Closed Loop from Positive Terminal to Negative Terminal: There must be a closed conducting loop in the external circuit that stretches from the high potential, positive terminal, to the low potential, negative terminal.
Note: Ben Franklin envisioned positive charges as the carriers of charge. As such, an early convention for the direction of an electric current was established to be in the direction that positive charges would move. The convention has stuck and is still used today. The direction of an electric current is by convention the direction in which a positive charge would move. Thus, the current in the external circuit is directed away from the positive terminal and toward the negative terminal of the battery. Electrons would actually move through the wires in the opposite direction. Knowing that the actual charge carriers in wires are negatively charged electrons may make this convention seem a bit odd and outdated. Nonetheless, it is the convention that is used worldwide.
There are two ways a circuit can be set up: series or parallel.
Series: A series circuit is a type of circuit in which the electrical current runs through each component and each component handles the same current.
Parallel: A parallel circuit is a type of circuit where the voltage is equal in each branch of the circuit.
Current, Voltage, and Resistance Relationships
The relationship between current, voltage, and resistance in an electrical circuit is fundamental to the operation of any circuit or device and is expressed in Ohm’s Law: Voltage is equal to the product between the electrical current that is passing through and the resistance against the current.

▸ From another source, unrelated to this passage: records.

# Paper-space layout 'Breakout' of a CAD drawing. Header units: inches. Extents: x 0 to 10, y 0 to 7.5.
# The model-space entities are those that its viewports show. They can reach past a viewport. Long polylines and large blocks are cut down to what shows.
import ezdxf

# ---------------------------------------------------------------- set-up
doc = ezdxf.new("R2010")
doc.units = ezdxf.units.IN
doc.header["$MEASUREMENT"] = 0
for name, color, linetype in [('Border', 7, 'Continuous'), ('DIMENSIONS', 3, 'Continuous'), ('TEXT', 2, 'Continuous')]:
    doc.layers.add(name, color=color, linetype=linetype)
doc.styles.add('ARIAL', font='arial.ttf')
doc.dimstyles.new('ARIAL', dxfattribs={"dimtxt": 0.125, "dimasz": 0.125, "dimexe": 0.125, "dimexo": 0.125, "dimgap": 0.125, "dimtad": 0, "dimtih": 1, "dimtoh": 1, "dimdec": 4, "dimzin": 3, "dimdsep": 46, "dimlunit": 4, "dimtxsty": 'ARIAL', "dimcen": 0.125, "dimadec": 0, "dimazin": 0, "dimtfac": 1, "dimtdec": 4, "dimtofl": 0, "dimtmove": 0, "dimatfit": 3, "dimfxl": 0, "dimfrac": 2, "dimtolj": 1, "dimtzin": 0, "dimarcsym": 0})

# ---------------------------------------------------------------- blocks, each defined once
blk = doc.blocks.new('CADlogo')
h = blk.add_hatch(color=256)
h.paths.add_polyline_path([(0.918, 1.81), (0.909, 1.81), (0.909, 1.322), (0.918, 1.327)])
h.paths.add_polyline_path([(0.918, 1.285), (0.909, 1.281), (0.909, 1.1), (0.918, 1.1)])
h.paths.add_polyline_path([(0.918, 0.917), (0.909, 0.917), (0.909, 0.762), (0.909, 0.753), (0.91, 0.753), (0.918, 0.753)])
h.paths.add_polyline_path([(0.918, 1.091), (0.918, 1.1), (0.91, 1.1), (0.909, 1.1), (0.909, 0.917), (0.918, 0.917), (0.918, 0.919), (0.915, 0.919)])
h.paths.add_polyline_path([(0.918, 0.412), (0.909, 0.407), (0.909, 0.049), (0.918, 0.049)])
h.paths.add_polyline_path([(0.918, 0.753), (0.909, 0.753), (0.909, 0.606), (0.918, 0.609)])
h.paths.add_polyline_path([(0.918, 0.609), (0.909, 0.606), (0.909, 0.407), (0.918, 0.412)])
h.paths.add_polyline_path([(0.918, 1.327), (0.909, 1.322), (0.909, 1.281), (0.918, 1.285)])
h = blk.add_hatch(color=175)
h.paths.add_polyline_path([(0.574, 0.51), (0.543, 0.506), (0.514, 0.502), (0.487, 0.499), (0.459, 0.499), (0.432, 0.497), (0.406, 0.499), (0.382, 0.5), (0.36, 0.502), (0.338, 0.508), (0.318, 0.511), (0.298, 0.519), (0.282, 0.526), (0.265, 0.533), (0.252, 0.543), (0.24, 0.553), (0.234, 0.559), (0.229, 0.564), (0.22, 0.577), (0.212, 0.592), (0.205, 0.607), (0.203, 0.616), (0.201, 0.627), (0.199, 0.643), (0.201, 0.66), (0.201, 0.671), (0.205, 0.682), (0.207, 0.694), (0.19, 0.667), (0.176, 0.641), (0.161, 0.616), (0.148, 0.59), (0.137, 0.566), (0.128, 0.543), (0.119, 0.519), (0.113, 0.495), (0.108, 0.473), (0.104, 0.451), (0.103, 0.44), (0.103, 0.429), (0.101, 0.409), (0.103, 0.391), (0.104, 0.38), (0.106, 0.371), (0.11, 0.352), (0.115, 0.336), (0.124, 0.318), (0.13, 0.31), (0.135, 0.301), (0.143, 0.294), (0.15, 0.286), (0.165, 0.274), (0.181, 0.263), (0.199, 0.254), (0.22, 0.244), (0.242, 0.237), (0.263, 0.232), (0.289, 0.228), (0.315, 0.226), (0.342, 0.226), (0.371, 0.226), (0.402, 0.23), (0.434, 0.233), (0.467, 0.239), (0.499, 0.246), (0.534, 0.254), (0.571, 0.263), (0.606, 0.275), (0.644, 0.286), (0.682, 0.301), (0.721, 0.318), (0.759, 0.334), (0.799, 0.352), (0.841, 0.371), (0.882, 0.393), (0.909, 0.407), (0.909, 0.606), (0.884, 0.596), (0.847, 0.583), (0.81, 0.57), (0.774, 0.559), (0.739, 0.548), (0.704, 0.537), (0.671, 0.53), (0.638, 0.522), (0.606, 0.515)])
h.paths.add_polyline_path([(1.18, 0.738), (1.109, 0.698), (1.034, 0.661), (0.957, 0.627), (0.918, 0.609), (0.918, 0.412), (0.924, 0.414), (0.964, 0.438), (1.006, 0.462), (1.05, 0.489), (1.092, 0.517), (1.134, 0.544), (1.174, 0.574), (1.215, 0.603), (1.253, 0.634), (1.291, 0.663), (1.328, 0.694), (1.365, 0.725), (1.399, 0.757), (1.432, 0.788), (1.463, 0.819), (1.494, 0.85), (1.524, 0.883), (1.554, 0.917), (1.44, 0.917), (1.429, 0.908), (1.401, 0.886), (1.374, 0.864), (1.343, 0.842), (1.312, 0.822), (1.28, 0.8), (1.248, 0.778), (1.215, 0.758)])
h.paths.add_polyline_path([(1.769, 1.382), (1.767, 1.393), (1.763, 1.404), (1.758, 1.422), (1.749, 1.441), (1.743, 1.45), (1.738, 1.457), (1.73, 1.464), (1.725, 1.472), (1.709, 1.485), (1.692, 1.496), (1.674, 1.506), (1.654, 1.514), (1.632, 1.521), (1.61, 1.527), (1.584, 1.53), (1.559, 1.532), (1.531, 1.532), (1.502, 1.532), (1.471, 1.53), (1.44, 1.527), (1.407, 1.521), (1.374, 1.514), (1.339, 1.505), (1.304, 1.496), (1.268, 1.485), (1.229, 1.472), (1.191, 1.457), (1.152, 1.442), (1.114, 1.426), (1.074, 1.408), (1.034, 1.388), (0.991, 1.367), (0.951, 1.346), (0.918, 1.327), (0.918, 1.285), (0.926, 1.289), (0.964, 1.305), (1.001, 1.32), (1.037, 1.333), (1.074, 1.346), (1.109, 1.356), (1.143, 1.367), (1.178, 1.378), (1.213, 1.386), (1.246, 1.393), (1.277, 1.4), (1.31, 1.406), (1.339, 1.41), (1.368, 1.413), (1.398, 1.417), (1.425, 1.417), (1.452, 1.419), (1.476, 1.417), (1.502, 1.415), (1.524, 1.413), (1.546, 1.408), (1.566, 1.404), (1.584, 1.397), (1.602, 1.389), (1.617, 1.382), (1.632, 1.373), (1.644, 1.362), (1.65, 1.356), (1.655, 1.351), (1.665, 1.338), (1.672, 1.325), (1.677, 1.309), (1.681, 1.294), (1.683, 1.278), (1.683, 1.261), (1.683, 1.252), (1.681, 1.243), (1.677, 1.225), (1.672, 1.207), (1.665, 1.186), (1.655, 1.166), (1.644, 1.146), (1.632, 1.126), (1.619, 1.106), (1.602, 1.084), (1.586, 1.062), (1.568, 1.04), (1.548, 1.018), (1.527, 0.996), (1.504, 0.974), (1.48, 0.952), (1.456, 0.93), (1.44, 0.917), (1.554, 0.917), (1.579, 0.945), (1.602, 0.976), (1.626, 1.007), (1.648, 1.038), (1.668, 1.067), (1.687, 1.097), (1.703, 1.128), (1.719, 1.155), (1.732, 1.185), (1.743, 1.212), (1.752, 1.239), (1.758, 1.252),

Current: Current is the flow of an electrical charge through an object or medium. Potential difference is the amount of energy needed to move a charged particle from one point to another in an electrical field. Current flows from high potential energy to low potential energy. Current is denoted by “I” and is measured in amperes (A). The origin of “I” is “intensit”, the French word for “current”, as Ampre was French.
Voltage: Electric potential is the potential energy per unit charge, and depends only on the location of the charge within the electric field. Voltage is the difference in electrical potential between two points. The voltage is equal to the product of the current and the resistance. Electrical potential difference (voltage) is denoted by “V” and is measured in volts (V).
Resistance: Resistance is a measurement of how an object opposes the flow of electric current through it. A resistor is an electrical component that provides electrical resistance in a circuit. When a charge falls through a potential difference, it dissipates energy. Power is the rate at which this energy is transferred and passed through. Resistance is denoted by “R” and is measured in ohms (Ω). Equivalent resistance is the total resistance in a circuit or part of a circuit, and it is used to simplify the electrical schematic.
Total Resistance in Series Circuits: Voltages are added together in series circuits. Thus in a series circuit, the resistances of all the components are summed together.
Total Resistance in Parallel Circuits: Currents are added together in parallel circuits. So in a parallel circuit, the reciprocals of the resistances are summed.
Electrical System Protection
The protection of an electrical system is one of the priority factors. Fuses are widely used to accomplish this. A fuse is a device applied in an electrical circuit to protect the circuit against excess current. A Ground Fault Interrupter (GFI) is a device that disconnects a circuit when it senses that the electrical current passing through it is not balanced between the energized conductor and the return neutral conductor. It can also be called as Residual Current Circuit Breaker (RCCB).